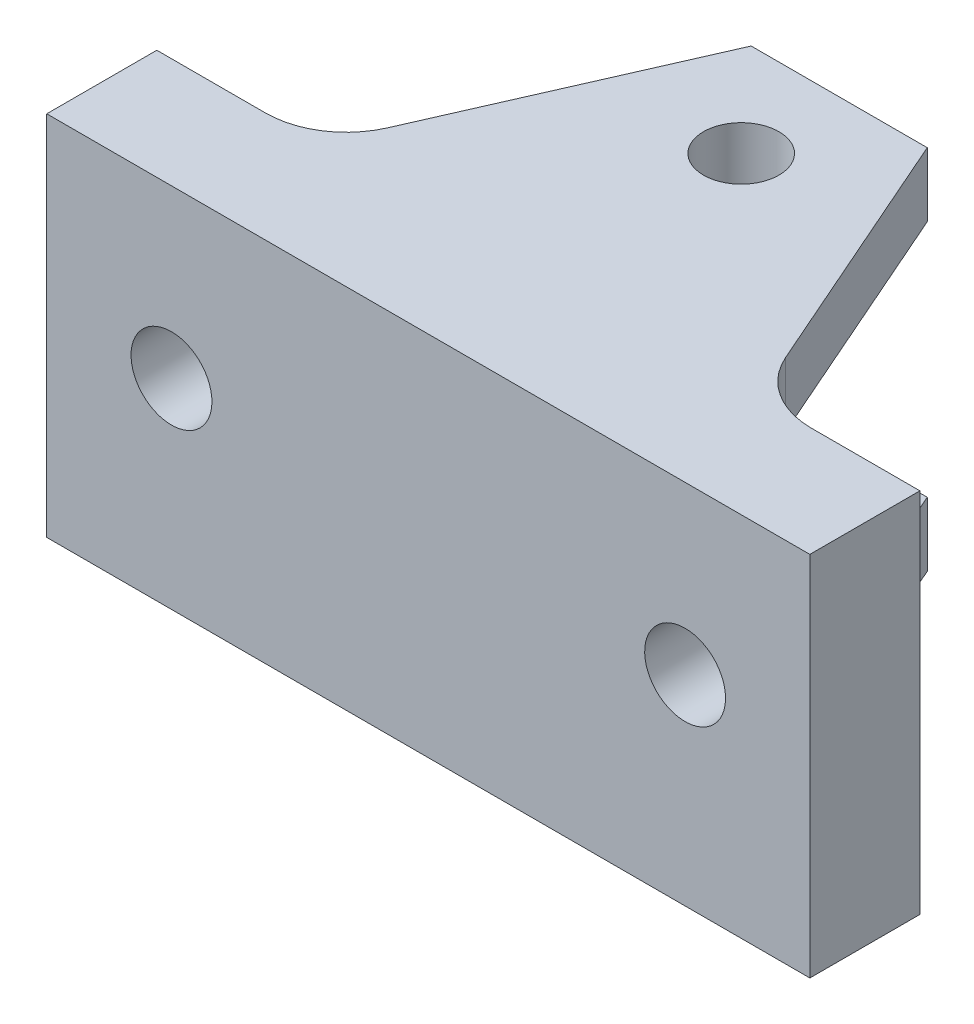
SolidWorks part; units mm, degrees
material "Custom Plastic"
ref_plane "X-Y Datum" through (0, 0, 0) normal (0, 0, 1) x (1, 0, 0)
ref_plane "X-Z Datum" through (0, 0, 0) normal (0, 1, 0) x (1, 0, 0)
ref_plane "Y-Z Datum" through (0, 0, 0) normal (1, 0, 0) x (0, 0, -1)
sketch "Sketch1" plane through (0, 0, 0) normal (1, 0, 0) x (0, 0, -1)
  line L0 (0, 8.7126) -> (0, 40.4626)
  line L1 (0, 40.4626) -> (39.7797, 40.4626)
  line L2 (39.7797, 40.4626) -> (39.7797, 34.9127)
  line L3 (39.7797, 34.9127) -> (9.525, 34.9127)
  line L4 (9.525, 34.9127) -> (9.525, 14.2625)
  line L5 (9.525, 14.2625) -> (39.7797, 14.2625)
  line L6 (39.7797, 14.2625) -> (39.7797, 8.7126)
  line L7 (39.7797, 8.7126) -> (0, 8.7126)
  line L8 (29.6197, 40.4626) -> (29.6197, 8.7126) construction
  line L9 (0, 26.0299) -> (9.525, 26.0299) construction
  line L10 (0, 22.0299) -> (0, 30.0299) construction
  circle A0 centre (29.6197, 24.5876) radius 10.3251 construction
  dimension "D5" = 20.6502
  dimension "D1" = 20.6502
  dimension "D2" = 31.75
  dimension "D3" = 10.16
  dimension "D4" = 9.525
extrude "Boss-Extrude1" add sketch "Sketch1" along normal blind 76.2
sketch "Sketch2" plane through (0, 0, -9.525) normal (0, 0, -1) x (-1, 0, 0)
  line L0 (-38.1, 34.9127) -> (-38.1, 14.2625) construction
  line L1 (-76.2, 34.9127) -> (0, 34.9127) construction
  line L2 (-76.2, 14.2625) -> (0, 14.2625) construction
  line L3 (-60.325, 26.0299) -> (-15.875, 26.0299) construction
  circle A0 centre (-60.325, 26.0299) radius 3.4
  circle A1 centre (-15.875, 26.0299) radius 3.4
  point P8 (-38.1, 26.0299)
  dimension "D2" = 6.8
  dimension "D1" = 44.45
extrude "Cut-Extrude1" cut sketch "Sketch2" against normal up to surface (9.525 mm away) up to face at (38.1, 24.5876, 0)
sketch "Sketch3" plane through (0, 40.4626, 0) normal (0, 1, 0) x (1, 0, 0)
  line L0 (76.2, 39.7797) -> (0, 39.7797) construction
  line L1 (30.48, 35.56) -> (19.05, 9.525)
  line L2 (45.72, 35.56) -> (57.15, 9.525)
  line L3 (30.48, 35.56) -> (45.72, 35.56)
  line L4 (0, 39.7797) -> (0, 9.525)
  line L5 (0, 0) -> (0, 39.7797) construction
  line L6 (0, 9.525) -> (19.05, 9.525)
  line L7 (0, 39.7797) -> (76.2, 39.7797)
  line L8 (76.2, 39.7797) -> (76.2, 9.525)
  line L9 (76.2, 39.7797) -> (76.2, 0) construction
  line L10 (76.2, 9.525) -> (57.15, 9.525)
  line L12 (76.2, 0) -> (0, 0) construction
  circle A0 centre (38.1, 27.0797) radius 3.2639
  point P4 (38.1, 39.7797)
  dimension "D1" = 6.5278
  dimension "D2" = 12.7
  dimension "D3" = 15.24
  dimension "D4" = 35.56
  dimension "D5" = 19.05
extrude "Cut-Extrude2" cut sketch "Sketch3" against normal up to surface (31.75 mm away) up to face at (38.1, 8.7126, -19.8899)
sketch "Sketch4" plane through (0, 0, -9.525) normal (0, 0, -1) x (-1, 0, 0)
  line L0 (0, 40.4626) -> (-19.05, 40.4626) construction
  line L1 (0, 8.7126) -> (-5.08, 8.7126)
  line L2 (0, 8.7126) -> (0, 40.4626)
  line L3 (0, 40.4626) -> (-5.08, 40.4626)
  line L4 (-5.08, 8.7126) -> (-5.08, 40.4626)
  line L5 (-57.15, 40.4626) -> (-76.2, 40.4626) construction
  line L6 (-76.2, 8.7126) -> (-71.12, 8.7126)
  line L7 (-76.2, 8.7126) -> (-76.2, 40.4626)
  line L8 (-76.2, 40.4626) -> (-71.12, 40.4626)
  line L9 (-71.12, 8.7126) -> (-71.12, 40.4626)
  dimension "D1" = 5.08
extrude "Cut-Extrude3" cut sketch "Sketch4" against normal up to surface (9.525 mm away) up to face at (60.325, 29.4299, 0)
fillet "Fillet1" radius 6.985 4 edges at (57.15, 37.6877, -9.525) (57.15, 11.4876, -9.525) (19.05, 37.6877, -9.525) (19.05, 11.4876, -9.525)
sketch "Sketch5" plane through (0, 0, -9.525) normal (0, 0, -1) x (-1, 0, 0)
  circle A0 centre (-60.325, 26.0299) radius 3.5
  circle A1 centre (-15.875, 26.0299) radius 3.5
  dimension "D1" = 7
extrude "Cut-Extrude4" cut sketch "Sketch5" against normal through all both and the other way through all
○ ○ ○
#### [Directions]
Only the lines from the start of the records to the line with "line L2 (39.7797, 40.4626)" belong in the copy. Print them exactly, minus pictures.

#### [Response to this task]
SolidWorks part; units mm, degrees
material "Custom Plastic"
ref_plane "X-Y Datum" through (0, 0, 0) normal (0, 0, 1) x (1, 0, 0)
ref_plane "X-Z Datum" through (0, 0, 0) normal (0, 1, 0) x (1, 0, 0)
ref_plane "Y-Z Datum" through (0, 0, 0) normal (1, 0, 0) x (0, 0, -1)
sketch "Sketch1" plane through (0, 0, 0) normal (1, 0, 0) x (0, 0, -1)
  line L0 (0, 8.7126) -> (0, 40.4626)
  line L1 (0, 40.4626) -> (39.7797, 40.4626)
  line L2 (39.7797, 40.4626) -> (39.7797, 34.9127)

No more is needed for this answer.